The effect of boundary conditions and inner solver accuracy within
pressure convection-diffusion preconditioners for the
incompressible Navier-Stokes equations

Victoria Howle
Sandia National Labs, PO Box 969
MS9159, Livermore CA 94551
vehowle@sandia.gov
Ray Tuminaro, Jacob Schroder

Pressure convection-diffusion preconditioners for solving the incompressible Navier-Stokes equations were first proposed by Kay, Loghin, and Wathen and Silvester, Elman, Kay, and Wathen. While numerous theoretical and numerical studies have demonstrated mesh independent convergence for these block methods on several problems and their overall efficacy, there are several potential weaknesses remaining in the practical use of these methods.

Perhaps one of the most poorly understood topics within this block preconditioner family is the influence of boundary conditions on overall algorithm convergence. The notion of differential commuting is the basis for all pressure convection-diffusion preconditioners. The main mathematical difficulty is that differential commuting does not hold at the boundaries. Thus, it is unclear what boundary conditions should be enforced in subblocks of the preconditioner. Heuristics have been developed that roughly account for boundary conditions associated with inflow, outflow, and no-slip. However, these rough heuristics often do not properly capture the boundary interactions, and can in fact lead to a degradation in convergence rates as the mesh is refined. We first explore the effect of having ``ideal'' boundary conditions within the preconditioner. While not computationally feasible, the ideal boundary condition results highlight the importance of choosing suitable boundary conditions. We then explore somewhat more practical approximations to the ideal conditions based on ILU factorizations and probing [Siefert and de Sturler, 2005].

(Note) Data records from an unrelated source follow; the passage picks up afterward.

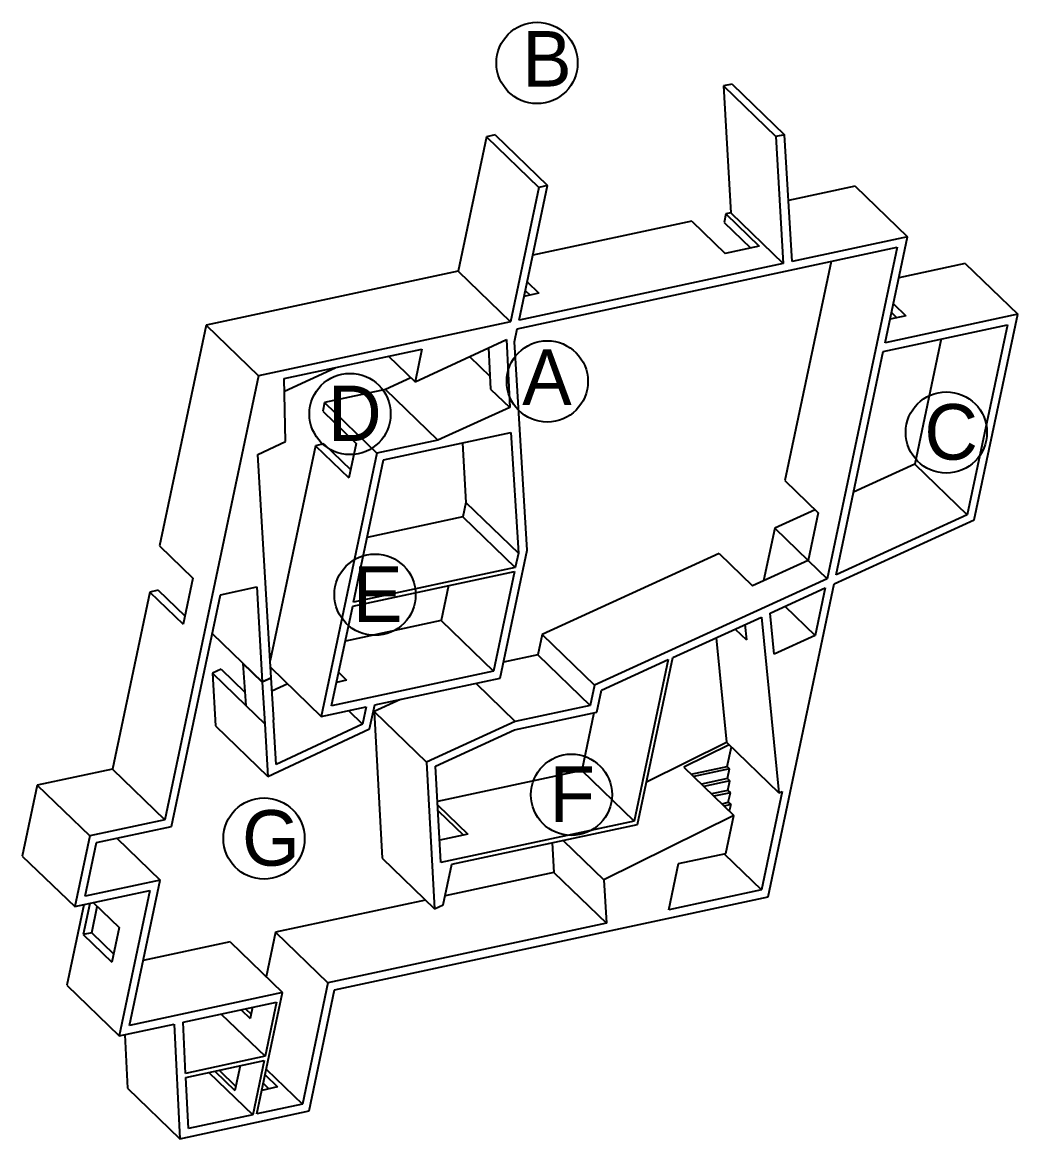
# Model space of a CAD drawing. Header units: inches. Extents: x -21847 to -712, y -8920 to 1030.
# Drawn here: x -3032 to -2172, y -8920 to -7955 of the extents above; entities that cross this region are included whole.
import ezdxf

# ---------------------------------------------------------------- set-up
doc = ezdxf.new("R2010")
doc.units = ezdxf.units.IN
doc.header["$LTSCALE"] = 0.005
doc.header["$MEASUREMENT"] = 0
doc.layers.add('PV-F08F', color=7, linetype='Continuous')
doc.layers.add('TEXT-1', color=3, linetype='Continuous')
doc.styles.add('COMIC SANS MS', font='comic.ttf', dxfattribs={"height": 5})

# ---------------------------------------------------------------- blocks, each defined once
blk = doc.blocks.new('*U12')
at = {"layer": 'PV-F08F'}
for p, q in [((-2418.42, -993.14, -772.21), (-2426.05, -994.78, -775.41)), ((-2418.42, -993.14, -772.21), (-2373.1, -1036.92, -725.85)), ((-2426.05, -994.78, -775.41), (-2380.73, -1038.55, -729.05)), ((-2426.05, -994.78, -775.41), (-2419.65, -1104.46, -715.96)), ((-2630.99, -1038.73, -861.4), (-2655.55, -1154.98, -814.98)), ((-2623.62, -1037.15, -858.31), (-2630.99, -1038.73, -861.4)), ((-2630.99, -1038.73, -861.4), (-2585.66, -1082.5, -815.04)), ((-2623.62, -1037.15, -858.31), (-2578.3, -1080.92, -811.95)), ((-2373.1, -1036.92, -725.85), (-2380.73, -1038.55, -729.05)), ((-2380.73, -1038.55, -729.05), (-2374.33, -1148.23, -669.61)), ((-2366.7, -1146.6, -666.4), (-2373.1, -1036.92, -725.85)), ((-2585.66, -1082.5, -815.04), (-2610.23, -1198.75, -768.62)), ((-2602.86, -1197.17, -765.53), (-2578.3, -1080.92, -811.95)), ((-2578.3, -1080.92, -811.95), (-2585.66, -1082.5, -815.04)), ((-2312.19, -1081.45, -670.86), (-2369.78, -1093.78, -695.03)), ((-2312.19, -1081.45, -670.86), (-2266.86, -1125.22, -624.5)), ((-2423.91, -1105.37, -717.75), (-2425.49, -1112.85, -714.77)), ((-2419.65, -1104.46, -715.96), (-2423.91, -1105.37, -717.75)), ((-2423.91, -1105.37, -717.75), (-2395.07, -1133.23, -688.25)), ((-2419.65, -1104.46, -715.96), (-2374.33, -1148.23, -669.61)), ((-2453.37, -1111.68, -730.12), (-2591.03, -1141.16, -787.9)), ((-2453.37, -1111.68, -730.12), (-2424.53, -1139.54, -700.62)), ((-2425.49, -1112.85, -714.77), (-2402.7, -1134.86, -691.45)), ((-2266.86, -1125.22, -624.5), (-2366.7, -1146.6, -666.4)), ((-2286.21, -1216.76, -587.95), (-2266.86, -1125.22, -624.5)), ((-2604.44, -1204.65, -762.55), (-2275.81, -1134.27, -624.6)), ((-2395.07, -1133.23, -688.25), (-2424.53, -1139.54, -700.62)), ((-2275.81, -1134.27, -624.6), (-2336.38, -1420.94, -510.14)), ((-2374.33, -1148.23, -669.61), (-2602.86, -1197.17, -765.53)), ((-2332.97, -1146.51, -648.6), (-2372.99, -1335.93, -572.96)), ((-2655.55, -1154.98, -814.98), (-2873.5, -1201.65, -906.47)), ((-2655.55, -1154.98, -814.98), (-2610.23, -1198.75, -768.62)), ((-2216.88, -1148.4, -586.2), (-2274.37, -1160.73, -610.32)), ((-2216.88, -1148.4, -586.2), (-2171.56, -1192.17, -539.84)), ((-2595.88, -1164.13, -778.73), (-2585.63, -1174.03, -768.24)), ((-2585.63, -1174.03, -768.24), (-2598.56, -1176.8, -773.67)), ((-2597.46, -1171.61, -775.74), (-2593.26, -1175.67, -771.44)), ((-2279.09, -1183.07, -601.4), (-2268.32, -1193.47, -590.38)), ((-2171.56, -1192.17, -539.84), (-2286.21, -1216.76, -587.95)), ((-2268.32, -1193.47, -590.38), (-2281.9, -1196.38, -596.08)), ((-2280.67, -1190.54, -598.41), (-2275.94, -1195.11, -593.58)), ((-2209.08, -1369.74, -468.94), (-2171.56, -1192.17, -539.84)), ((-2873.5, -1201.65, -906.47), (-2913.82, -1392.46, -830.28)), ((-2873.5, -1201.65, -906.47), (-2828.18, -1245.42, -860.11)), ((-2610.23, -1198.75, -768.62), (-2828.18, -1245.42, -860.11)), ((-2606.87, -1216.13, -757.96), (-2604.44, -1204.65, -762.55)), ((-2287.79, -1224.23, -584.96), (-2180.5, -1201.23, -539.95)), ((-2180.5, -1201.23, -539.95), (-2215.23, -1365.56, -474.33)), ((-2692.78, -1250.55, -785.83), (-2613.79, -1214.08, -762.67)), ((-2613.79, -1214.08, -762.67), (-2610.94, -1272.7, -731.21)), ((-2237.66, -1213.49, -563.93), (-2260.55, -1321.79, -520.69)), ((-2805.91, -1247.79, -847.11), (-2686.8, -1222.28, -797.12)), ((-2686.8, -1222.28, -797.12), (-2692.78, -1250.55, -785.83)), ((-2629.15, -1221.17, -767.18), (-2627.42, -1256.78, -748.06)), ((-2595.83, -1396.01, -660.18), (-2606.87, -1216.13, -757.96)), ((-2328.6, -1417.38, -507.84), (-2287.79, -1224.23, -584.96)), ((-2715.65, -1228.46, -809.23), (-2692.78, -1250.55, -785.83)), ((-2645.62, -1228.78, -772.01), (-2627.95, -1245.85, -753.93)), ((-2805.67, -1258.57, -841.48), (-2761.94, -1238.37, -828.66)), ((-2828.18, -1245.42, -860.11), (-2909.25, -1629.07, -706.92)), ((-2804.71, -1302.24, -818.65), (-2805.91, -1247.79, -847.11)), ((-2696.34, -1247.12, -789.47), (-2718.48, -1257.17, -796.05)), ((-2718.48, -1257.17, -796.05), (-2771.1, -1268.45, -818.13)), ((-2673.16, -1300.94, -749.7), (-2718.48, -1257.17, -796.05)), ((-2627.42, -1256.78, -748.06), (-2610.94, -1272.7, -731.21)), ((-2771.1, -1268.45, -818.13), (-2772.68, -1275.93, -815.14)), ((-2771.1, -1268.45, -818.13), (-2725.77, -1312.22, -771.77)), ((-2610.94, -1272.7, -731.21), (-2673.16, -1300.94, -749.7)), ((-2772.68, -1275.93, -815.14), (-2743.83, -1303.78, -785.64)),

Another important issue is the relationship between the accuracy of inner sub-problem solves to the overall convergence rate of the outer iteration. It has been known for quite some time that when mesh-independent sub-problem solvers are used inexactly within this block preconditioner, the overall convergence of the outer iteration remains mesh independent for the Stokes equations [Silvester and Wathen, 1994]. The situation is not well understood for the Navier-Stokes equations, and it is also not well understood when the inner subblock solver has less than ideal behavior. We have observed a noticeable degradation in the outer iteration convergence rate when a sub-solver is terminated too quickly. We discuss possible solutions to this issue including reusing information from repeated linear solves.